Mario Ortega Moya, ST.
Pasé unas semanas en Banfield (Argentina), ayudando a unos misioneros
amigos míos. La mañana de los miércoles la dedican allí los sacerdotes a
visitar enfermos –los más graves–. Precisamente realizaba yo la visita
de los miércoles, siguiendo una lista de enfermos que habíamos obtenido
gracias a los misioneros. Sorteando con el auto los baches de las calles
sin asfaltar y soportando un asfixiante calor, íbamos en busca de la
casa de cada enfermo que habíamos elegido de la lista para visitar esa
mañana.
Sin embargo todo parecía adverso. A uno lo habían llevado al hospital,
otro había fallecido, un tercero había cambiado de domicilio... De casa
en casa sin poder atender a nadie. El tiempo pasaba, la mañana parecía
perdida. Pero la Providencia Divina estaba guiando nuestros pasos. De
nuevo echamos mano a la lista; había que elegir otros enfermos para
visitar. Me fijé en una chica joven que estaba apuntada y, junto a su
nombre, la causa de su enfermedad: el fatídico sida.
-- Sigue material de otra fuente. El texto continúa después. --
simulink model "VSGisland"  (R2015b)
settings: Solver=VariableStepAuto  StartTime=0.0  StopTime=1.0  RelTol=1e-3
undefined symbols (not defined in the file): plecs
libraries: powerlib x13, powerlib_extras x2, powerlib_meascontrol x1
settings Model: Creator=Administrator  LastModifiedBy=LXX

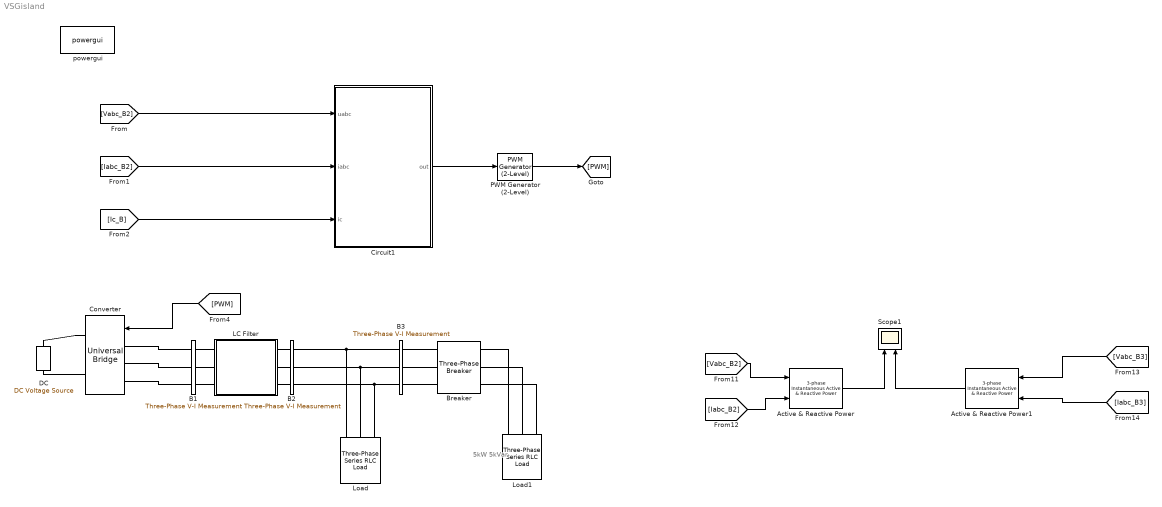
== system VSGisland ==
  note: 5kW
      | 5kVar
  Active & Reactive Power : powerlib_extras/Measurements/3-phase  Instantaneous  Active & Reactive Power
  Active & Reactive Power1 : powerlib_extras/Measurements/3-phase  Instantaneous  Active & Reactive Power
  B1 : powerlib/Measurements/Three-Phase V-I Measurement  VoltageMeasurement=phase-to-ground  SetLabelV=on  LabelV=Vabc_B1  Vpu=off  VpuLL=off  CurrentMeasurement=yes  SetLabelI=on  LabelI=Iabc_B1  Ipu=off  Pbase=100e6  Vbase=500e3  OutputType=Complex  PhasorSimulation=off  PSBequivalent=0
  B2 : powerlib/Measurements/Three-Phase V-I Measurement  VoltageMeasurement=phase-to-ground  SetLabelV=on  LabelV=Vabc_B2  Vpu=off  VpuLL=off  CurrentMeasurement=yes  SetLabelI=on  LabelI=Iabc_B2  Ipu=off  Pbase=100e6  Vbase=500e3  OutputType=Complex  PhasorSimulation=off  PSBequivalent=0
  B3 : powerlib/Measurements/Three-Phase V-I Measurement  VoltageMeasurement=phase-to-ground  SetLabelV=on  LabelV=Vabc_B3  Vpu=off  VpuLL=off  CurrentMeasurement=yes  SetLabelI=on  LabelI=Iabc_B3  Ipu=off  Pbase=100e6  Vbase=500e3  OutputType=Complex  PhasorSimulation=off  PSBequivalent=0
  Breaker : powerlib/Elements/Three-Phase Breaker  InitialState=open  SwitchA=on  SwitchB=on  SwitchC=on  SwitchTimes="[0.3  0.6]"  External=off  BreakerResistance=0.001  SnubberResistance=1e6  SnubberCapacitance=inf  Measurements=None
  Circuit1 : Subsystem  LoadFcn=plecs('sl', 200);  InitFcn=plecs('sl', 214);  StartFcn=plecs('sl', 208);  StopFcn=plecs('sl', 209);  mask(PlecsCircuit){PLECSData=<binary blob, 16808 chars, not shown>}
      mask prompts: PLECSData "PLECS Data (Do not delete or modify!)"
      mask init:
      | % PLACE CUSTOM INITIALIZATIONS ABOVE
      | % DO NOT REMOVE
      | plecs('sl', 215);
      | % DO NOT REMOVE
      settings: CopyFcn=plecs('sl', 203);  DeleteFcn=plecs('sl', 205);  UndoDeleteFcn=plecs('sl', 206);  PreSaveFcn=plecs('sl', 211);  PostSaveFcn=plecs('sl', 201);  NameChangeFcn=plecs('sl', 210);  DestroyFcn=plecs('sl', 207);  PreCopyFcn=plecs('sl', 216);  OpenFcn=plecs('sl', 202);  ErrorFcn=plerrorfcn
      mask Help: web(['file:///' fullfile(plecsdoc, 'creatingacircuit.html')])
      mask Display: disp('PLECS\nCircuit')
  Converter : powerlib/Power Electronics/Universal Bridge  Arms=3  SnubberResistance=1e5  SnubberCapacitance=inf  Device=IGBT / Diodes  Ron=1e-3  Lon=0  ForwardVoltages="[  0  0  ]"  ForwardVoltage=0  GTOparameters=[ 10e-6 , 20e-6 ]  IGBTparameters=[ 1e-6 , 2e-6 ]  Measurements=None  Measurements_2=None  converterType=Rectifier
  DC : powerlib/Electrical Sources/DC Voltage Source  Amplitude=800  Measurements=None
  LC Filter : Subsystem
  Load : powerlib/Elements/Three-Phase Series RLC Load  LConnTagsString=A|B|C  Configuration=Y (grounded)  NominalVoltage=380  Vabc=[1e3 1e3 1e3]  Vabcp=[1e3 1e3 1e3]  NominalFrequency=50  UnbalancedPower=off  ActivePower=10e3  InductivePower=10e3  CapacitivePower=0  Pabc=[10e3 9e3 11e3]  QLabc=[100 90 110]  QCabc=[100 90 110]  Pabcp=[10e3 9e3 11e3]  QLabcp=[100 90 110]  QCabcp=[100 90 110]  Measurements=None  LoadType=constant Z
  Load1 : powerlib/Elements/Three-Phase Series RLC Load  LConnTagsString=A|B|C  Configuration=Y (grounded)  NominalVoltage=380  Vabc=[1e3 1e3 1e3]  Vabcp=[1e3 1e3 1e3]  NominalFrequency=50  UnbalancedPower=off  ActivePower=5e3  InductivePower=5e3  CapacitivePower=0  Pabc=[10e3 9e3 11e3]  QLabc=[100 90 110]  QCabc=[100 90 110]  Pabcp=[10e3 9e3 11e3]  QLabcp=[100 90 110]  QCabcp=[100 90 110]  Measurements=None  LoadType=constant Z
  PWM Generator (2-Level) : powerlib_meascontrol/Pulse & Signal Generators/PWM Generator (2-Level)  ModulatorType=Three-phase bridge (6 pulses)  ModulatorMode=Unsynchronized  Fc=27*60  Pc=90  nF=27  MinMax="[ -1  1 ]"  SamplingTechnique=Natural  ModulatingSignals=off  m=0.8  Freq=60  Phase=0  Ts=0  ShowCarrierOutport=off
  Scope1 : Scope  NumInputPorts=2
  powergui : powerlib/powergui  Priority=1  SimulationMode=Discrete  SolverType=Tustin  SampleTime=5e-6  frequency=60  SPID=off  DisableSnubberDevices=off  DisableRonSwitches=off  DisableVfSwitches=off  SwTol=0  DisplayEquations=off  Interpol=off  ExternalGateDelay=off  methode=off  Ts=0  FunctionMessages=off  echomessages=off  HookPort=off  EnableUseOfTLC=off  x0status=blocks  frequencyindice=0  Pbase=100e6  ErrMax=1e-4  Iterations=50  UnitsV=kV  UnitsW=MW  buscounter=0  RestoreLinks=warning  ResistiveCurrentMeasurement=off  Frange=[0:2:500]  Ylog=off  Xlog=on  ShowGrid=off  save=off  variable=ZData  structure=0  ZoomFFT=off  StartTime=0.0  cycles=1  DisplayStyle=1  fundamental=60  FreqAxis=off  MaxFrequency=1000  frequencyindicesteady=1  RmsSteady=1  display=off
  wires:
  [PWM] -> Converter/1
  [Vabc_B2] -> Circuit1/1(uabc)
  [Iabc_B2] -> Circuit1/2(iabc)
  [Ic_B] -> Circuit1/3(ic)
  PWM Generator (2-Level)/1 -> [PWM]
  Circuit1/1(out) -> PWM Generator (2-Level)/1
  [Vabc_B2] -> Active & Reactive Power/1
  [Iabc_B2] -> Active & Reactive Power/2
  Active & Reactive Power/1 -> Scope1/1
  Active & Reactive Power1/1 -> Scope1/2
  [Vabc_B3] -> Active & Reactive Power1/1
  [Iabc_B3] -> Active & Reactive Power1/2
  connections:
  Converter/RConn1 -- DC/RConn1
  B1/RConn1 -- LC Filter/LConn1
  B1/RConn2 -- LC Filter/LConn2
  Converter/LConn1 -- B1/LConn1
  B2/LConn2 -- LC Filter/RConn2
  Converter/LConn3 -- B1/LConn3
  B2/LConn3 -- LC Filter/RConn3
  Converter/RConn2 -- DC/LConn1
  B2/LConn1 -- LC Filter/RConn1
  Converter/LConn2 -- B1/LConn2
  B1/RConn3 -- LC Filter/LConn3
  Load/LConn1 -- B2/RConn1 -- B3/LConn1
  Load/LConn2 -- B2/RConn2 -- B3/LConn2
  Load/LConn3 -- B2/RConn3 -- B3/LConn3
  Load1/LConn1 -- Breaker/RConn1
  Breaker/RConn3 -- Load1/LConn3
  B3/RConn2 -- Breaker/LConn2
  B3/RConn1 -- Breaker/LConn1
  B3/RConn3 -- Breaker/LConn3
  Breaker/RConn2 -- Load1/LConn2

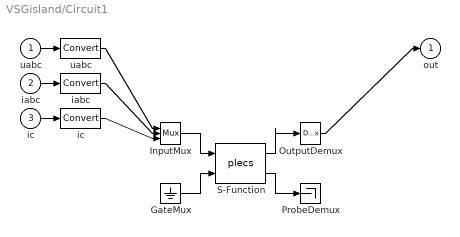
== system VSGisland/Circuit1 ==
  uabc : Inport  PortDimensions=3
  iabc : Inport  Port=2  PortDimensions=3
  ic : Inport  Port=3  PortDimensions=3
  " GateMux " : Ground
  " InputMux " : Mux  Inputs=[ 3 3 3 ]
  " OutputDemux " : Demux  Outputs=[ 3 ]
  " ProbeDemux " : Terminator
  " S-Function " : S-Function  FunctionName=plecs  SFunctionDeploymentMode=off  EnableBusSupport=off
  " iabc " : DataTypeConversion  SaturateOnIntegerOverflow=on  RndMeth=Zero
  " ic " : DataTypeConversion  SaturateOnIntegerOverflow=on  RndMeth=Zero
  " uabc " : DataTypeConversion  SaturateOnIntegerOverflow=on  RndMeth=Zero
  out : Outport  PortDimensions=3
  wires:
  " S-Function "/1 -> " OutputDemux "/1
  " InputMux "/1 -> " S-Function "/1
  " GateMux "/1 -> " S-Function "/2
  " S-Function "/2 -> " ProbeDemux "/1
  uabc/1 -> " uabc "/1
  " uabc "/1 -> " InputMux "/1
  iabc/1 -> " iabc "/1
  " iabc "/1 -> " InputMux "/2
  ic/1 -> " ic "/1
  " ic "/1 -> " InputMux "/3
  " OutputDemux "/1 -> out/1

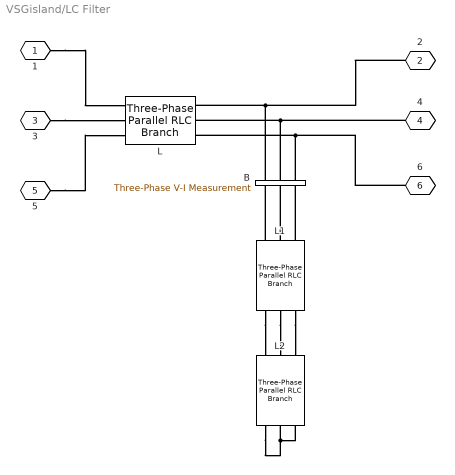
== system VSGisland/LC Filter ==
  B : powerlib/Measurements/Three-Phase V-I Measurement  VoltageMeasurement=phase-to-ground  SetLabelV=on  LabelV=Vc_B  Vpu=off  VpuLL=off  CurrentMeasurement=yes  SetLabelI=on  LabelI=Ic_B  Ipu=off  Pbase=100e6  Vbase=500e3  OutputType=Complex  PhasorSimulation=off  PSBequivalent=0
  L : powerlib/Elements/Three-Phase Parallel RLC Branch  LConnTagsString=A|B|C  RConnTagsString=A|B|C  BranchType=L  Resistance=1  Inductance=0.6e-3  Capacitance=1e-6  Measurements=None
  L1 : powerlib/Elements/Three-Phase Parallel RLC Branch  LConnTagsString=A|B|C  RConnTagsString=A|B|C  BranchType=R  Resistance=0.001  Inductance=1e-3  Capacitance=1e-6  Measurements=None
  L2 : powerlib/Elements/Three-Phase Parallel RLC Branch  LConnTagsString=A|B|C  RConnTagsString=A|B|C  BranchType=C  Resistance=1  Inductance=1e-3  Capacitance=1500e-6  Measurements=None
  1 : PMIOPort  Tag=PMCPort  Port=1  Side=Left
  2 : PMIOPort  Tag=PMCPort  Port=2  Side=Right
  3 : PMIOPort  Tag=PMCPort  Port=3  Side=Left
  4 : PMIOPort  Tag=PMCPort  Port=4  Side=Right
  5 : PMIOPort  Tag=PMCPort  Port=5  Side=Left
  6 : PMIOPort  Tag=PMCPort  Port=6  Side=Right
  connections:
  L1/RConn1 -- L2/LConn1
  L1/RConn2 -- L2/LConn2
  L1/RConn3 -- L2/LConn3
  B/LConn1 -- L/RConn1 -- 2/RConn1
  B/LConn2 -- L/RConn2 -- 4/RConn1
  B/LConn3 -- L/RConn3 -- 6/RConn1
  L2/RConn2 -- L2/RConn1 -- L2/RConn3
  L1/LConn1 -- B/RConn1
  L1/LConn2 -- B/RConn2
  L1/LConn3 -- B/RConn3
  1/RConn1 -- L/LConn1
  3/RConn1 -- L/LConn2
  5/RConn1 -- L/LConn3

La casa no estaba lejos de allí, por lo que no dudé en decirle a José
que nos dirigiéramos allá. Era un barrio de los más pobres y peligrosos.
La droga y la delincuencia entre jóvenes y niños era lo normal por esa
zona. Nos detuvimos ante la casa, en cuya puerta un hombre de mediana
edad nos miraba extrañado.
«¿Vive aquí Susana?» El hombre asintió con la cabeza y entró para
buscarla. Nos bajamos del coche y en esos momentos vi aparecer a Susana.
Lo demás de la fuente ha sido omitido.